● **WHAT IS NEEDED**
Of the lines in the data below, write out exactly those from the one holding "[in2] -> Control" through the one holding "Control Logic3/3(K3) -> [Kdv]", both included.

───── DATA PROVIDED ─────

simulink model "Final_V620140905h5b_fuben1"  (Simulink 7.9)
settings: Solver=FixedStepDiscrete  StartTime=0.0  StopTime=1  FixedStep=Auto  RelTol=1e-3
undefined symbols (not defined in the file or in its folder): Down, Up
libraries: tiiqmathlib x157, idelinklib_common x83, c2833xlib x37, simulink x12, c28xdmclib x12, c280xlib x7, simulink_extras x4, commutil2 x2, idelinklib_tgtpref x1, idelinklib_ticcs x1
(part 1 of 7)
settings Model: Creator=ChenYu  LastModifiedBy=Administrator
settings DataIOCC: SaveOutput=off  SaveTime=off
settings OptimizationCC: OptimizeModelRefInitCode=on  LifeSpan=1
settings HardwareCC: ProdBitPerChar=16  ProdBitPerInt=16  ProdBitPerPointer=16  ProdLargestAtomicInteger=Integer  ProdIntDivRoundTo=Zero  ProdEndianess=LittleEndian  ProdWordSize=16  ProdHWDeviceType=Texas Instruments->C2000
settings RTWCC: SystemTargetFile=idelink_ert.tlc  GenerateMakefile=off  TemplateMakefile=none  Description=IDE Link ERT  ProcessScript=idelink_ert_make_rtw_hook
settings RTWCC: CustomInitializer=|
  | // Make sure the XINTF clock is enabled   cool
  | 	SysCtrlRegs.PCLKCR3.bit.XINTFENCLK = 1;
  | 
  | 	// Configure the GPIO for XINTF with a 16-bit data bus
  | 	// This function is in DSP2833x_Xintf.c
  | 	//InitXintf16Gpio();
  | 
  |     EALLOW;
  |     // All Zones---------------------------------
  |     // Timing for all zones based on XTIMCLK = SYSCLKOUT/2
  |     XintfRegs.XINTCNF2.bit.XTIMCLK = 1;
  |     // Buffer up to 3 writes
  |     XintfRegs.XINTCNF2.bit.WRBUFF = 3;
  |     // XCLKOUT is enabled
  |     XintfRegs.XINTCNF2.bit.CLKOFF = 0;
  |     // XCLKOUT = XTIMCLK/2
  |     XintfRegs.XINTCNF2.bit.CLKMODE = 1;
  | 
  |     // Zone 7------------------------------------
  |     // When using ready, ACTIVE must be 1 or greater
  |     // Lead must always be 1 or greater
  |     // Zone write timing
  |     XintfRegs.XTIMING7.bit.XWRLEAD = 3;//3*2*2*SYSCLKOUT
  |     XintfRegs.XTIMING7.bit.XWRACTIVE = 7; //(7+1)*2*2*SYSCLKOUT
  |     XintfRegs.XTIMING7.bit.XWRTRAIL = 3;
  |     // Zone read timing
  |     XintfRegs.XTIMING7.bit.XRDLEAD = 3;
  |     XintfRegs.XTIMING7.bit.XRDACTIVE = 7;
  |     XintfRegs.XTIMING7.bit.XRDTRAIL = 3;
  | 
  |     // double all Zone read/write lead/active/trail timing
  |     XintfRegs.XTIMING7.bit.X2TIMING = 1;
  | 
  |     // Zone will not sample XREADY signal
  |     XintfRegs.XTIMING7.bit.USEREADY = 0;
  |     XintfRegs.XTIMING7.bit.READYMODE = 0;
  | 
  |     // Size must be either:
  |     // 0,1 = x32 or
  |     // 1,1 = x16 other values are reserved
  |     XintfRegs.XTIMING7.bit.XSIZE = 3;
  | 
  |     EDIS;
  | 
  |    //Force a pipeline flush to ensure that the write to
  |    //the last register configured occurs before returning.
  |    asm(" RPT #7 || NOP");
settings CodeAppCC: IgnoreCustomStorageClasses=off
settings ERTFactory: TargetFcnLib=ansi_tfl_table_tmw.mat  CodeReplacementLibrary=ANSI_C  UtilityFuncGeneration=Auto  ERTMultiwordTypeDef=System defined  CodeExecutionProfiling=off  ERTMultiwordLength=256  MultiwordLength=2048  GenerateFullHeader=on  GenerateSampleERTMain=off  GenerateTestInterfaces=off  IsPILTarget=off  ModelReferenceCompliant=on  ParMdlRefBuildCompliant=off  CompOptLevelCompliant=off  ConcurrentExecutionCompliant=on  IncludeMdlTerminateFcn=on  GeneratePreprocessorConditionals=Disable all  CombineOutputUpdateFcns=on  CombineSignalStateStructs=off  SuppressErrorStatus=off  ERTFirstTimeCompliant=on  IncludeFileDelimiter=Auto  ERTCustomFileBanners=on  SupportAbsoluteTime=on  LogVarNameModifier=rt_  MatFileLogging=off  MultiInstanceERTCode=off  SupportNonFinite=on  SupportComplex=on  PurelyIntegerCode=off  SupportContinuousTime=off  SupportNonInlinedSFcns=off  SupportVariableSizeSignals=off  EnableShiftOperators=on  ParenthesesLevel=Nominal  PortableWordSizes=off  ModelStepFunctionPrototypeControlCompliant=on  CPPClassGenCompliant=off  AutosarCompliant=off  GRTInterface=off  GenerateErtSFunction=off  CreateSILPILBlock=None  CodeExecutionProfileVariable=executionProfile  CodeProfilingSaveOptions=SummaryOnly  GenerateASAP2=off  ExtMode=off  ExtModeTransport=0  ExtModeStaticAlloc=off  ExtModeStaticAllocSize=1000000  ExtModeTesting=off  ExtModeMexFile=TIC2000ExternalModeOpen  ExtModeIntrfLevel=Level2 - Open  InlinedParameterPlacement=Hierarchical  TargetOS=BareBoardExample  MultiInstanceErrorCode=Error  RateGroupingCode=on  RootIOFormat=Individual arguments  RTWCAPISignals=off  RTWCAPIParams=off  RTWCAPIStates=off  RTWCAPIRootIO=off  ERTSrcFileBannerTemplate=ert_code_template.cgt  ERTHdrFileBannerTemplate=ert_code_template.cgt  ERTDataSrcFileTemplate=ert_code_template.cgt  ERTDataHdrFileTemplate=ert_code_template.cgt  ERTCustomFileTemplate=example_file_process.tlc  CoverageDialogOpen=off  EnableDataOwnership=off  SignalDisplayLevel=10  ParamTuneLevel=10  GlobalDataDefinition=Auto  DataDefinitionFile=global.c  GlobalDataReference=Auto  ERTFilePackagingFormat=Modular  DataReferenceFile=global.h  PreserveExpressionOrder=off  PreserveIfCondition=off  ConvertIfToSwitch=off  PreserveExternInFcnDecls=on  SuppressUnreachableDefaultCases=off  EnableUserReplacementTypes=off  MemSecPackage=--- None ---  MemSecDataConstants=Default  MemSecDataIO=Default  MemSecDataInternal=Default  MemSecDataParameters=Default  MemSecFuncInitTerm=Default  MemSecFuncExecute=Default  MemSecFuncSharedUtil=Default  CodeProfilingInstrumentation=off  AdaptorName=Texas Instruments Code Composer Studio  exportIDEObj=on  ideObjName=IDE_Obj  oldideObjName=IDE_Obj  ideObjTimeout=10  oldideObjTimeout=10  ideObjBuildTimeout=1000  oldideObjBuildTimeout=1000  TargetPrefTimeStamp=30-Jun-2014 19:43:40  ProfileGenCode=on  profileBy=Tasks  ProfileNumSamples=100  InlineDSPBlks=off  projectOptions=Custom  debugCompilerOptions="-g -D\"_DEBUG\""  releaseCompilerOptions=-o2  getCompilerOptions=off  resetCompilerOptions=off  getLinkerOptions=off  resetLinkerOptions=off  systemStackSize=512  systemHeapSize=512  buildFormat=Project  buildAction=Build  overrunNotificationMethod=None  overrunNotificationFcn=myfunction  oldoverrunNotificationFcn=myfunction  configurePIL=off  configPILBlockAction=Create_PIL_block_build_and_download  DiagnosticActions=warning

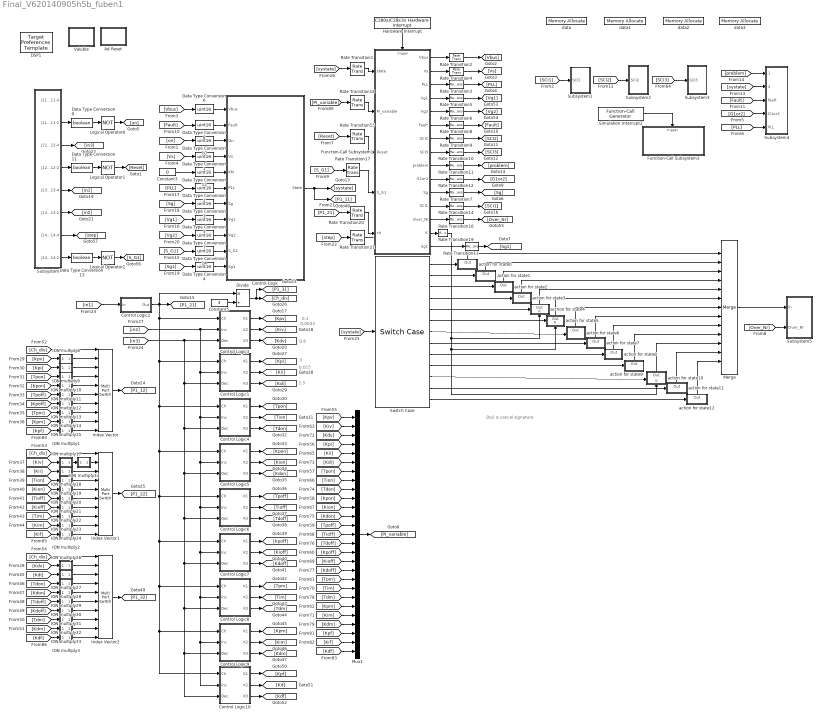
== system Final_V620140905h5b_fuben1 ==
  note: Do2 is cancel signature
  note: 3
  note: 0.015
  note: 2.5
  note: 0.1
  note: 0.0033
  note: 0.6
  Ad Reset : Subsystem
  Constant3 : Constant  Value=0  OutDataTypeStr=uint16
  Constant5 : Constant  Value=3  OutDataTypeStr=uint16
  Control Logic : Stateflow chart  TreatAsAtomicUnit=on
  Control Logic1 : Stateflow chart  TreatAsAtomicUnit=on
  Control Logic10 : Stateflow chart  TreatAsAtomicUnit=on
  Control Logic2 : Stateflow chart  TreatAsAtomicUnit=on
  Control Logic3 : Stateflow chart  TreatAsAtomicUnit=on
  Control Logic4 : Stateflow chart  TreatAsAtomicUnit=on
  Control Logic5 : Stateflow chart  TreatAsAtomicUnit=on
  Control Logic6 : Stateflow chart  TreatAsAtomicUnit=on
  Control Logic7 : Stateflow chart  TreatAsAtomicUnit=on
  Control Logic8 : Stateflow chart  TreatAsAtomicUnit=on
  Control Logic9 : Stateflow chart  TreatAsAtomicUnit=on
  DSP1 : idelinklib_tgtpref/Target Preferences Template  Tag=ccslinktgtpref  library=off
  Data Type Conversion{1..8,10,12,14} (11 alike) : DataTypeConversion  OutDataTypeStr=uint16
  Data Type Conversion11 : DataTypeConversion  OutDataTypeStr=boolean
  Data Type Conversion13 : DataTypeConversion  OutDataTypeStr=boolean
  Data Type Conversion9 : DataTypeConversion  OutDataTypeStr=boolean
  Divide : Product  Inputs=*/
  Function-Call Subsystem1 : Subsystem  TreatAsAtomicUnit=on
  Function-Call Subsystem3 : Subsystem  TreatAsAtomicUnit=on
  Hardware Interrupt : idelinklib_ticcs/C280x//C28x3x Hardware Interrupt  Priority=3  irqnumbers=[3]  pienumbers=[4]  irqpriorities=[30]  irqpreempts=[0]  showinput=off  dspchiptype=C280X
  ION multiply1 : Subsystem  mask{x=1}
      mask prompts: x "gain"
  ION multiply10 : Subsystem  mask{x=10}
      mask prompts: x "gain"
  ION multiply11 : Subsystem  mask{x=100}
      mask prompts: x "gain"
  ION multiply12 : Subsystem  mask{x=10}
      mask prompts: x "gain"
  ION multiply13 : Subsystem  mask{x=100}
      mask prompts: x "gain"
  ION multiply14 : Subsystem  mask{x=10}
      mask prompts: x "gain"
  ION multiply15 : Subsystem  mask{x=100}
      mask prompts: x "gain"
  ION multiply17 : Subsystem  mask{x=1000}
      mask prompts: x "gain"
  ION multiply18 : Subsystem  mask{x=1000}
      mask prompts: x "gain"
  ION multiply19 : Subsystem  mask{x=10}
      mask prompts: x "gain"
  ION multiply2 : Subsystem  mask{x=10}
      mask prompts: x "gain"
  ION multiply20 : Subsystem  mask{x=1000}
      mask prompts: x "gain"
  ION multiply21 : Subsystem  mask{x=10}
      mask prompts: x "gain"
  ION multiply22 : Subsystem  mask{x=100}
      mask prompts: x "gain"
  ION multiply23 : Subsystem  mask{x=10}
      mask prompts: x "gain"
  ION multiply24 : Subsystem  mask{x=1000}
      mask prompts: x "gain"
  ION multiply26 : Subsystem  mask{x=10}
      mask prompts: x "gain"
  ION multiply27 : Subsystem  mask{x=10}
      mask prompts: x "gain"
  ION multiply28 : Subsystem  mask{x=10}
      mask prompts: x "gain"
  ION multiply29 : Subsystem  mask{x=10}
      mask prompts: x "gain"
  ION multiply3 : Subsystem  mask{x=10}
      mask prompts: x "gain"
  ION multiply30 : Subsystem  mask{x=10}
      mask prompts: x "gain"
  ION multiply31 : Subsystem  mask{x=10}
      mask prompts: x "gain"
  ION multiply32 : Subsystem  mask{x=10}
      mask prompts: x "gain"
  ION multiply33 : Subsystem  mask{x=10}
      mask prompts: x "gain"
  ION multiply34 : Subsystem  mask{x=10}
      mask prompts: x "gain"
  ION multiply8 : Subsystem  mask{x=100}
      mask prompts: x "gain"
  ION multiply9 : Subsystem  mask{x=10}
      mask prompts: x "gain"
  Index Vector : MultiPortSwitch  DataPortOrder=Zero-based contiguous  Inputs=9  zeroidx=on
  Index Vector1 : MultiPortSwitch  DataPortOrder=Zero-based contiguous  Inputs=9  zeroidx=on
  Index Vector2 : MultiPortSwitch  DataPortOrder=Zero-based contiguous  Inputs=9  zeroidx=on
  Logical Operator1 : Logic  Operator=NOT  AllPortsSameDT=off  OutDataTypeStr=boolean
  Logical Operator2 : Logic  Operator=NOT  AllPortsSameDT=off  OutDataTypeStr=boolean
  Logical Operator6 : Logic  Operator=NOT  AllPortsSameDT=off  OutDataTypeStr=boolean
  Merge : Merge  Inputs=13
  Mux1 : Mux  Inputs=27
  Rate Transition{1..21} (21 alike) : RateTransition  Integrity=off
  Simulation Interrupt2 : simulink/Ports & Subsystems/Function-Call Generator  sample_time=0.05  numberOfIterations=1
  Subsystem : Subsystem
  Subsystem1 : Subsystem
  Subsystem2 : Subsystem
  Subsystem3 : Subsystem
  Subsystem4 : Subsystem
  Subsystem5 : Subsystem
  Switch Case : SwitchCase  CaseConditions={0,1,2,3,4,5,6,7,8,9,10,11,12}  ShowDefaultCase=off
  Valuble : Subsystem
  action for state0 : Subsystem  TreatAsAtomicUnit=on
  action for state1 : Subsystem  TreatAsAtomicUnit=on
  action for state10 : Subsystem  TreatAsAtomicUnit=on
  action for state11 : Subsystem  TreatAsAtomicUnit=on
  action for state12 : Subsystem  TreatAsAtomicUnit=on
  action for state2 : Subsystem  TreatAsAtomicUnit=on
  action for state3 : Subsystem  TreatAsAtomicUnit=on
  action for state5 : Subsystem  TreatAsAtomicUnit=on
  action for state6 : Subsystem  TreatAsAtomicUnit=on
  action for state7 : Subsystem  TreatAsAtomicUnit=on
  action for state8 : Subsystem  TreatAsAtomicUnit=on
  action for state9 : Subsystem  TreatAsAtomicUnit=on
  actrion for state4 : Subsystem  TreatAsAtomicUnit=on
  data : idelinklib_common/Memory Allocate  variableName=data  alignThisVariable=off  memoryAlignmentBoundary=4  dataType=int16  specifyQualifier=off  typeQualifier=volatile  dataDimension=8  specifyMemorySection=off  memorySection=mySEC1  bindMemorySection=on  sectionStartAddress=hex2dec('8000')  initializeMemory=on  initialValue=0
  data1 : idelinklib_common/Memory Allocate  variableName=data1  alignThisVariable=off  memoryAlignmentBoundary=4  dataType=int16  specifyQualifier=off  typeQualifier=volatile  dataDimension=8  specifyMemorySection=off  memorySection=mySEC1  bindMemorySection=on  sectionStartAddress=hex2dec('8000')  initializeMemory=on  initialValue=0
  data2 : idelinklib_common/Memory Allocate  variableName=data2  alignThisVariable=off  memoryAlignmentBoundary=4  dataType=int16  specifyQualifier=off  typeQualifier=volatile  dataDimension=8  specifyMemorySection=off  memorySection=mySEC1  bindMemorySection=on  sectionStartAddress=hex2dec('8000')  initializeMemory=on  initialValue=0
  data3 : idelinklib_common/Memory Allocate  variableName=data3  alignThisVariable=off  memoryAlignmentBoundary=4  dataType=int16  specifyQualifier=off  typeQualifier=volatile  dataDimension=8  specifyMemorySection=off  memorySection=mySEC1  bindMemorySection=on  sectionStartAddress=hex2dec('8000')  initializeMemory=on  initialValue=0
  wires:
  Switch Case/1 -> action for state0/Action
  Switch Case/2 -> action for state1/Action
  Switch Case/3 -> action for state2/Action
  Switch Case/4 -> action for state3/Action
  Switch Case/5 -> actrion for state4/Action
  Switch Case/6 -> action for state5/Action
  [Fault] -> Data Type Conversion8/1
  [Vbus] -> Data Type Conversion6/1
  [on] -> Data Type Conversion10/1
  Subsystem/4(J12-1&J12-2) -> Data Type Conversion11/1
  Control Logic/1(State) -> [systate], [P1_11]
  Data Type Conversion6/1 -> Control Logic/1(Vbus)
  [Vs] -> Data Type Conversion1/1
  Constant3/1 -> Data Type Conversion12/1
  Data Type Conversion1/1 -> Control Logic/4(Vs)
  Hardware Interrupt/1 -> Function-Call Subsystem1/Trigger
  Data Type Conversion2/1 -> Control Logic/6(PLL)
  [PLL] -> Data Type Conversion2/1
  [Sg] -> Data Type Conversion3/1
  Data Type Conversion3/1 -> Control Logic/7(Sg)
  [Vg1] -> Data Type Conversion5/1
  [Vg2] -> Data Type Conversion7/1
  Switch Case/7 -> action for state6/Action
  Switch Case/8 -> action for state7/Action
  Data Type Conversion8/1 -> Control Logic/2(Fault)
  Simulation Interrupt2/1 -> Function-Call Subsystem3/Trigger
  [SCI3] -> Subsystem3/1(SCI3)
  [SCI2] -> Subsystem2/1(SCI2)
  [systate] -> Subsystem4/2(systate)
  [problem] -> Subsystem4/1(problem)
  [Fault] -> Subsystem4/3(fault)
  Data Type Conversion7/1 -> Control Logic/9(Vg2)
  [G1or2] -> Subsystem4/4(G1or2)
  [PLL] -> Subsystem4/5(PLL)
  Switch Case/9 -> action for state8/Action
  Switch Case/10 -> action for state9/Action
  Switch Case/11 -> action for state10/Action
  Switch Case/12 -> action for state11/Action
  Data Type Conversion5/1 -> Control Logic/8(Vg1)
  Switch Case/13 -> action for state12/Action
  Function-Call Subsystem1/1(Vbus) -> Rate Transition2/1
  Function-Call Subsystem1/2(Vs) -> Rate Transition4/1
  Function-Call Subsystem1/3(PLL) -> Rate Transition3/1
  Rate Transition2/1 -> [Vbus]
  Rate Transition4/1 -> [Vs]
  Rate Transition3/1 -> [PLL]
  Function-Call Subsystem1/4(Vg1) -> Rate Transition5/1
  Function-Call Subsystem1/5(Vg2) -> Rate Transition6/1
  Function-Call Subsystem1/6(Fault) -> Rate Transition8/1
  Rate Transition8/1 -> [Fault]
  Function-Call Subsystem1/7(SCI2) -> Rate Transition9/1
  Rate Transition9/1 -> [SCI2]
  Function-Call Subsystem1/8(SCI3) -> Rate Transition10/1
  Rate Transition10/1 -> [SCI3]
  Rate Transition11/1 -> [problem]
  Function-Call Subsystem1/9(problem) -> Rate Transition11/1
  Rate Transition5/1 -> [Vg1]
  Rate Transition6/1 -> [Vg2]
  Function-Call Subsystem1/10(G1or2) -> Rate Transition12/1
  Rate Transition12/1 -> [G1or2]
  Data Type Conversion10/1 -> Control Logic/3(On)
  Data Type Conversion9/1 -> Logical Operator6/1
  Subsystem/2(J11-1&J11-2) -> Data Type Conversion9/1
  Logical Operator6/1 -> [on]
  [systate] -> Switch Case/1
  [systate] -> Rate Transition1/1
  Rate Transition1/1 -> Function-Call Subsystem1/1(state)
  Data Type Conversion12/1 -> Control Logic/5(KM)
  Control Logic2/1(Out) -> [P1_21], Control Logic3/1(Ch), Control Logic4/1(Ch), Control Logic5/1(Ch), Control Logic6/1(Ch), Control Logic7/1(Ch), Control Logic8/1(Ch), Control Logic9/1(Ch), Control Logic10/1(Ch), Control Logic1/1(Ch), Divide/1
  Subsystem/5(J13-3&J13-4) -> [in1]
  [in1] -> Control Logic2/1(In)
  Subsystem/6(J13-1&J13-2) -> [in2]
  [in2] -> Control Logic3/2(Inc), Control Logic1/2(Inc), Control Logic4/2(Inc), Control Logic5/2(Inc), Control Logic6/2(Inc), Control Logic7/2(Inc), Control Logic8/2(Inc), Control Logic9/2(Inc), Control Logic10/2(Inc)
  [in3] -> Control Logic3/3(Dec), Control Logic1/3(Dec), Control Logic4/3(Dec), Control Logic5/3(Dec), Control Logic6/3(Dec), Control Logic7/3(Dec), Control Logic8/3(Dec), Control Logic9/3(Dec), Control Logic10/3(Dec)
  Subsystem/3(J12-3&J12-4) -> [in3]
  Index Vector/1 -> [P1_12]
  Divide/1 -> [P1_31], [Ch_dis]
  Constant5/1 -> Divide/2
  Control Logic3/1(K1) -> [Kpv]
  Control Logic3/2(K2) -> [Kiv]
  Control Logic3/3(K3) -> [Kdv]
  Control Logic1/1(K1) -> [Kpi]
  Control Logic1/2(K2) -> [Kii]
  Control Logic1/3(K3) -> [Kdi]
  Control Logic4/1(K1) -> [Tpon]
  Control Logic4/2(K2) -> [Tion]
  Control Logic4/3(K3) -> [Tdon]
  Control Logic5/1(K1) -> [Kpon]
  Control Logic5/2(K2) -> [Kion]
  Control Logic5/3(K3) -> [Kdon]
  Control Logic6/1(K1) -> [Tpoff]
  Control Logic6/2(K2) -> [Tioff]
  Control Logic6/3(K3) -> [Tdoff]
  Control Logic7/1(K1) -> [Kpoff]
  Control Logic7/2(K2) -> [Kioff]
  Control Logic7/3(K3) -> [Kdoff]
  Control Logic8/1(K1) -> [Tpm]
  Control Logic8/2(K2) -> [Tim]
  Control Logic8/3(K3) -> [Tdm]
  Control Logic9/1(K1) -> [Kpm]
  Control Logic9/2(K2) -> [Kim]
  Control Logic9/3(K3) -> [Kdm]
  [Kpv] -> ION multiply8/1(x)
  [Tpoff] -> ION multiply12/1(x)
  [Kpoff] -> ION multiply13/1(x)
  [Tpm] -> ION multiply14/1(x)
  [Kpm] -> ION multiply15/1(x)
  [Kpi] -> ION multiply9/1(x)
  [Tpon] -> ION multiply10/1(x)
  [Kpon] -> ION multiply11/1(x)
  [Kiv] -> ION multiply17/1(x)
  [Tioff] -> ION multiply21/1(x)
  [Kioff] -> ION multiply22/1(x)
  [Tim] -> ION multiply23/1(x)
  [Kim] -> ION multiply24/1(x)
  [Kii] -> ION multiply18/1(x)
  [Tion] -> ION multiply19/1(x)
  [Kion] -> ION multiply20/1(x)
  Index Vector1/1 -> [P1_22]
  [Kdv] -> ION multiply26/1(x)
  [Tdoff] -> ION multiply30/1(x)
  [Kdoff] -> ION multiply31/1(x)
  [Tdm] -> ION multiply32/1(x)
  [Kdm] -> ION multiply33/1(x)
  [Kdi] -> ION multiply27/1(x)
  [Tdon] -> ION multiply28/1(x)
  [Kdon] -> ION multiply29/1(x)
  Index Vector2/1 -> [P1_32]
  [Ch_dis] -> Index Vector/1
  [Ch_dis] -> Index Vector1/1
  [Ch_dis] -> Index Vector2/1
  ION multiply8/1(Kx) -> Index Vector/2
  ION multiply9/1(Kx) -> Index Vector/3
  ION multiply10/1(Kx) -> Index Vector/4
  ION multiply11/1(Kx) -> Index Vector/5
  ION multiply12/1(Kx) -> Index Vector/6
  ION multiply13/1(Kx) -> Index Vector/7
  ION multiply14/1(Kx) -> Index Vector/8
  ION multiply15/1(Kx) -> Index Vector/9
  ION multiply17/1(Kx) -> ION multiply34/1(x)
  ION multiply18/1(Kx) -> Index Vector1/3
  ION multiply19/1(Kx) -> Index Vector1/4
  ION multiply20/1(Kx) -> Index Vector1/5
  ION multiply21/1(Kx) -> Index Vector1/6
  ION multiply22/1(Kx) -> Index Vector1/7
  ION multiply23/1(Kx) -> Index Vector1/8
  ION multiply24/1(Kx) -> Index Vector1/9
  ION multiply26/1(Kx) -> Index Vector2/2
  ION multiply27/1(Kx) -> Index Vector2/3
  ION multiply28/1(Kx) -> Index Vector2/4
  ION multiply29/1(Kx) -> Index Vector2/5
  ION multiply30/1(Kx) -> Index Vector2/6
  ION multiply31/1(Kx) -> Index Vector2/7
  ION multiply32/1(Kx) -> Index Vector2/8
  ION multiply33/1(Kx) -> Index Vector2/9
  ION multiply34/1(Kx) -> Index Vector1/2
  [Kpv] -> Mux1/1
  [Kiv] -> Mux1/2
  [Kdv] -> Mux1/3
  [Kpi] -> Mux1/4
  [Kii] -> Mux1/5
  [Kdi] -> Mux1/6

─────

● **REPLY TO THE EXERCISE**
  [in2] -> Control Logic3/2(Inc), Control Logic1/2(Inc), Control Logic4/2(Inc), Control Logic5/2(Inc), Control Logic6/2(Inc), Control Logic7/2(Inc), Control Logic8/2(Inc), Control Logic9/2(Inc), Control Logic10/2(Inc)
  [in3] -> Control Logic3/3(Dec), Control Logic1/3(Dec), Control Logic4/3(Dec), Control Logic5/3(Dec), Control Logic6/3(Dec), Control Logic7/3(Dec), Control Logic8/3(Dec), Control Logic9/3(Dec), Control Logic10/3(Dec)
  Subsystem/3(J12-3&J12-4) -> [in3]
  Index Vector/1 -> [P1_12]
  Divide/1 -> [P1_31], [Ch_dis]
  Constant5/1 -> Divide/2
  Control Logic3/1(K1) -> [Kpv]
  Control Logic3/2(K2) -> [Kiv]
  Control Logic3/3(K3) -> [Kdv]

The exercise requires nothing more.